Ask HN: Facebook Apps - Develop yourself or outsource? - dradu

Let's say I have an idea for a FB App. Should I develop the app on my own or try to outsource?<p>I need to say that I'm sort-of a developer myself and I have CS university in my background but other then that nothing related to building FB apps.<p>Cheers,
Daniel
======
code_devil
I would suggest creating 1 or 2 simple FB apps like quiz, gifts etc to get the
feel of developing FB Apps. Firstly, you will learn about FB API's, secondly
you can gauge how easy/hard it is to develop and accordingly do a cost
analysis between self developing versus outsourcing.

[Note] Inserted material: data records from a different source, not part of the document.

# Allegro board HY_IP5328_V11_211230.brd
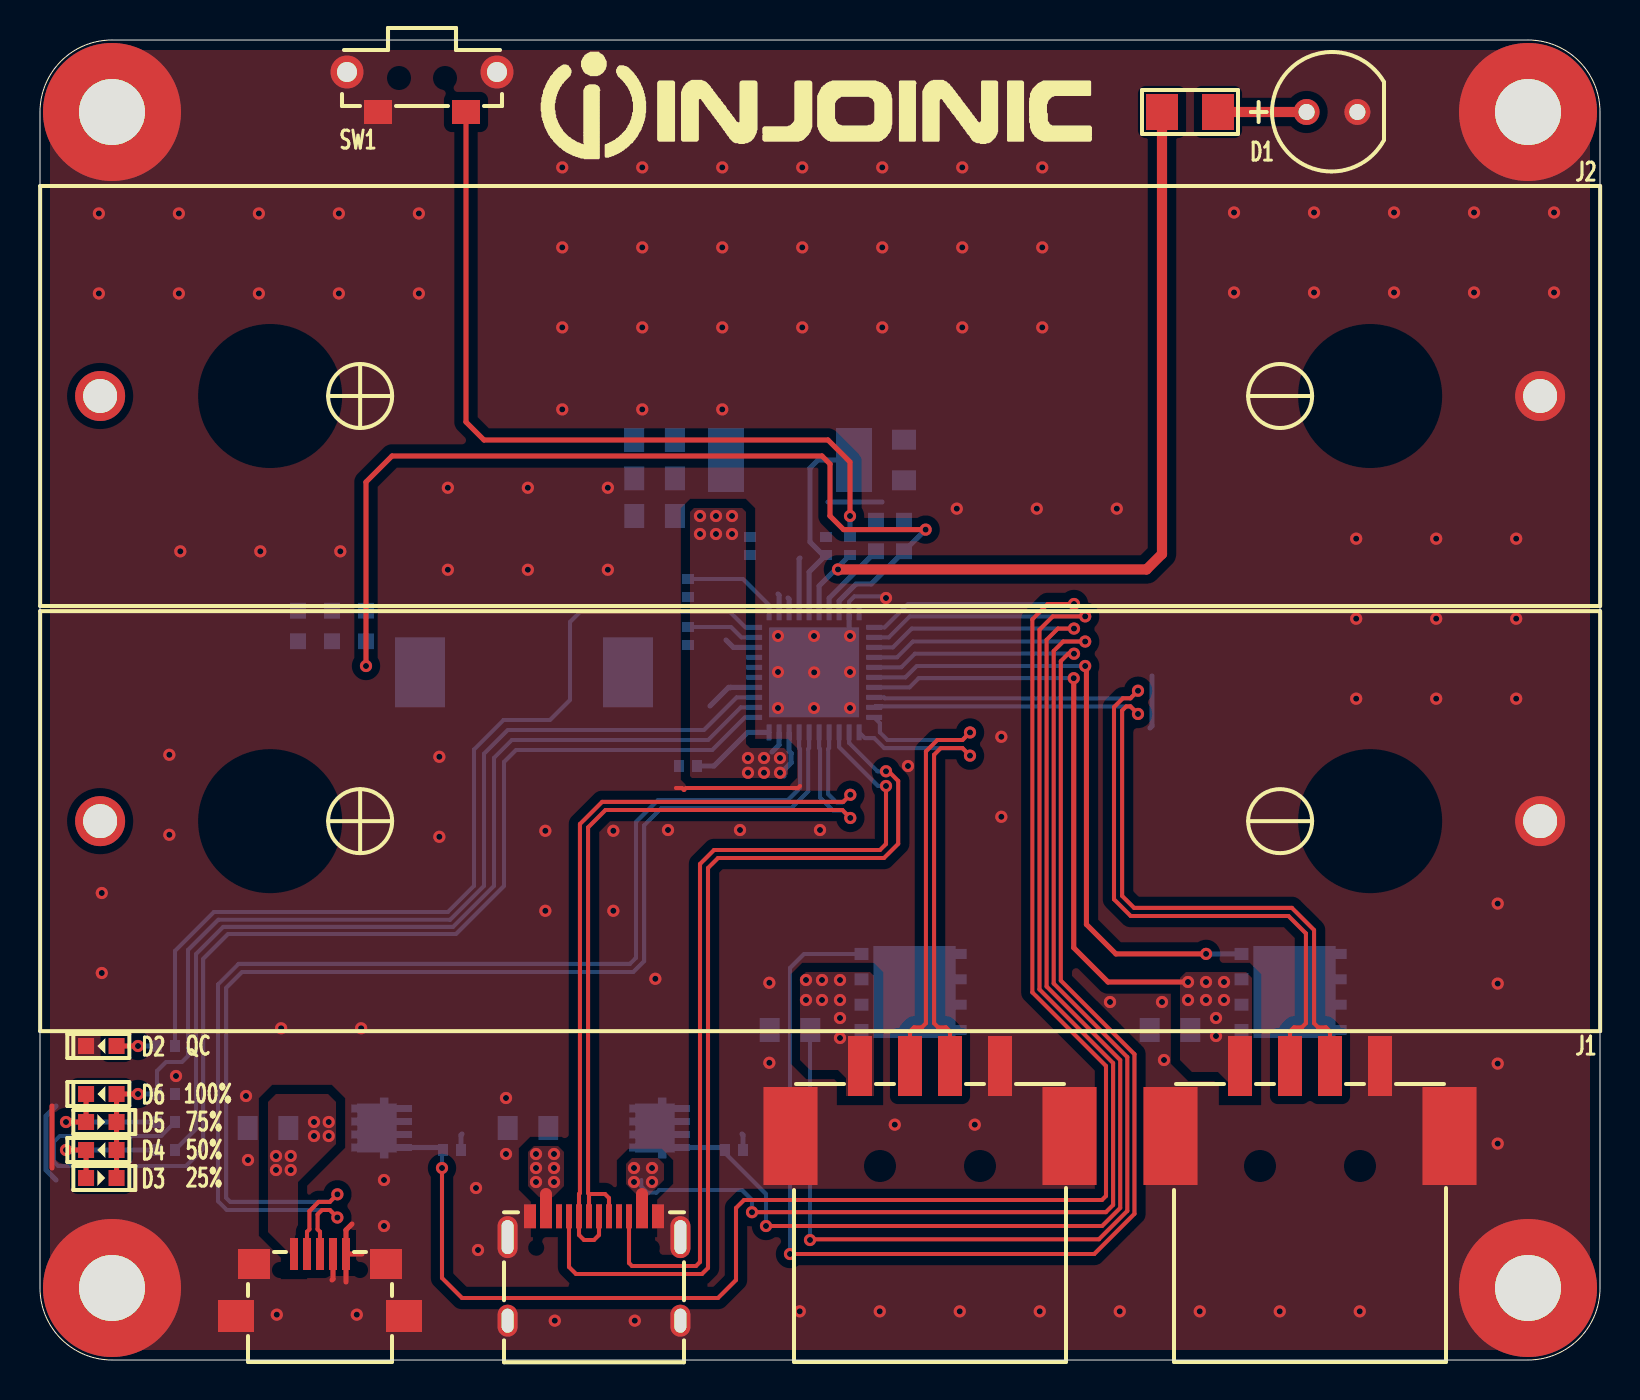
[diagram p0: board, top side]
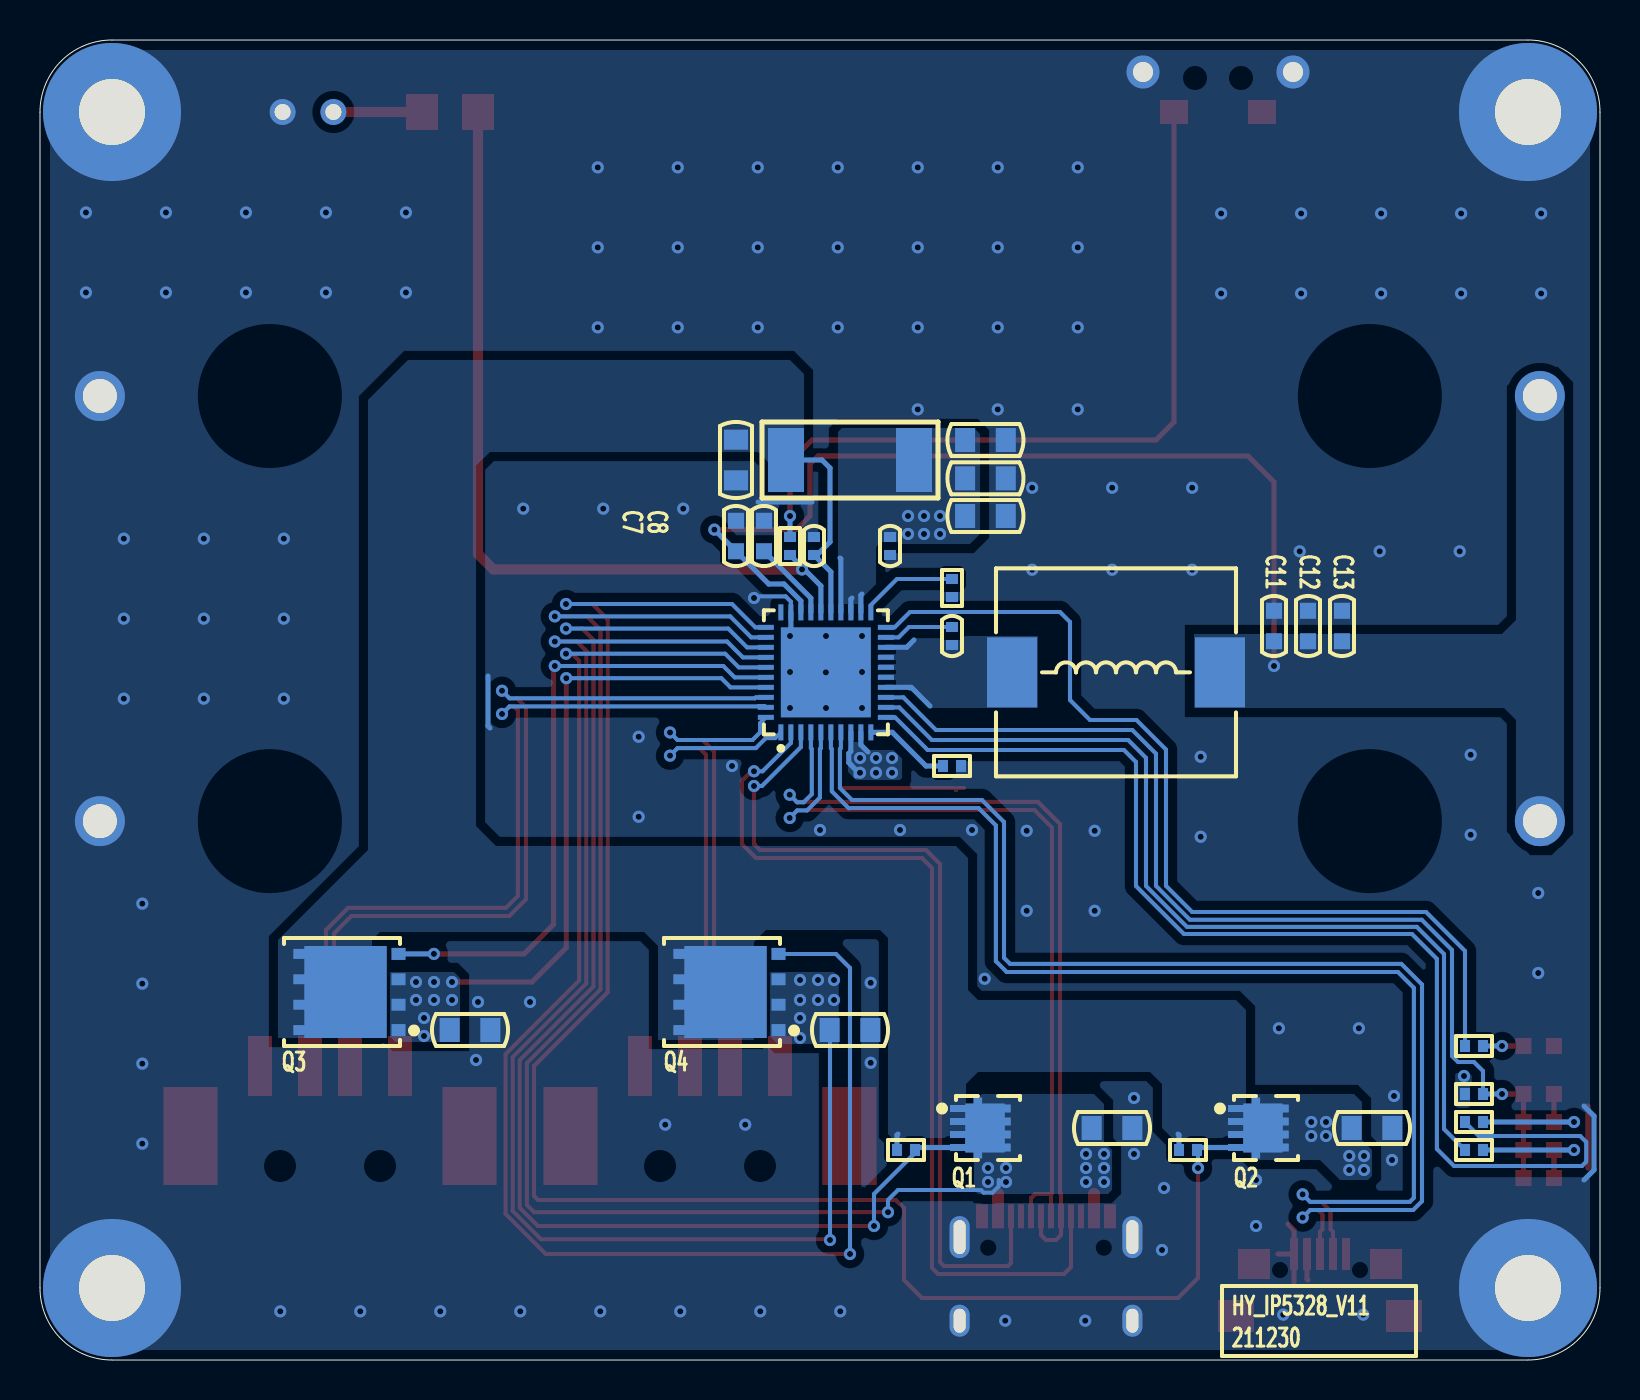
[diagram p1: board, bottom side, seen from below]

Outline 78 x 66 mm; copper layers: TOP, BOTTOM. Coordinates in mm from the lower left corner of the outline.
Outline path: 0,62.4 arc(1.05,64.95) 3.6,66 74.4,66 arc(76.95,64.95) 78,62.4 78,3.6 arc(76.95,1.05) 74.4,0 3.6,0 arc(1.05,1.05) 0,3.6 0,62.4

## Design rules (mm)
constraint set DEFAULT: min track width 0.203, pair gap 0.203
net group DP1: nets DMB DPB
net group DP2: nets DMC DPC
net group DP3: nets DMA1 DPA1
net group DP4: nets DMA2 DPA2

## Placement (name value [footprint] x y rotation side)
C1  22uF_25V  [C0805]  43.2 45 270 bottom
C2  100nF_50V  [C0402]  39.3 40.7 270 bottom
C3  100nF_50V  [C0402]  35.5 40.7 90 bottom
C4  22uF_25V  [C0805]  30.73 46 180 bottom
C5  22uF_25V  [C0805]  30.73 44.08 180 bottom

And, even if you
outsource it, you would be able to maintain/fix bugs locally.

------
tlack
I am generally strongly opposed to outsourcing, but the Facebook API is a
moving target and generally considered very poorly documented. There's also
not much example code out there that still works with the current SDKs. I've
had a very hard time learning it.

I guess it depends how well you trust your existing outsourcing relationships
vs. how much time you have to devote to this.

------
Zeuf
Hello, Daniel. I think that you should develop it yourself, or find a partner
who may develop it. I think when you start an app, you need to be fast to
change, and envolve. So, if you have a outsorce development team, you may
loose those things. And, as you have a CS background, you will learn fast how
to build an app.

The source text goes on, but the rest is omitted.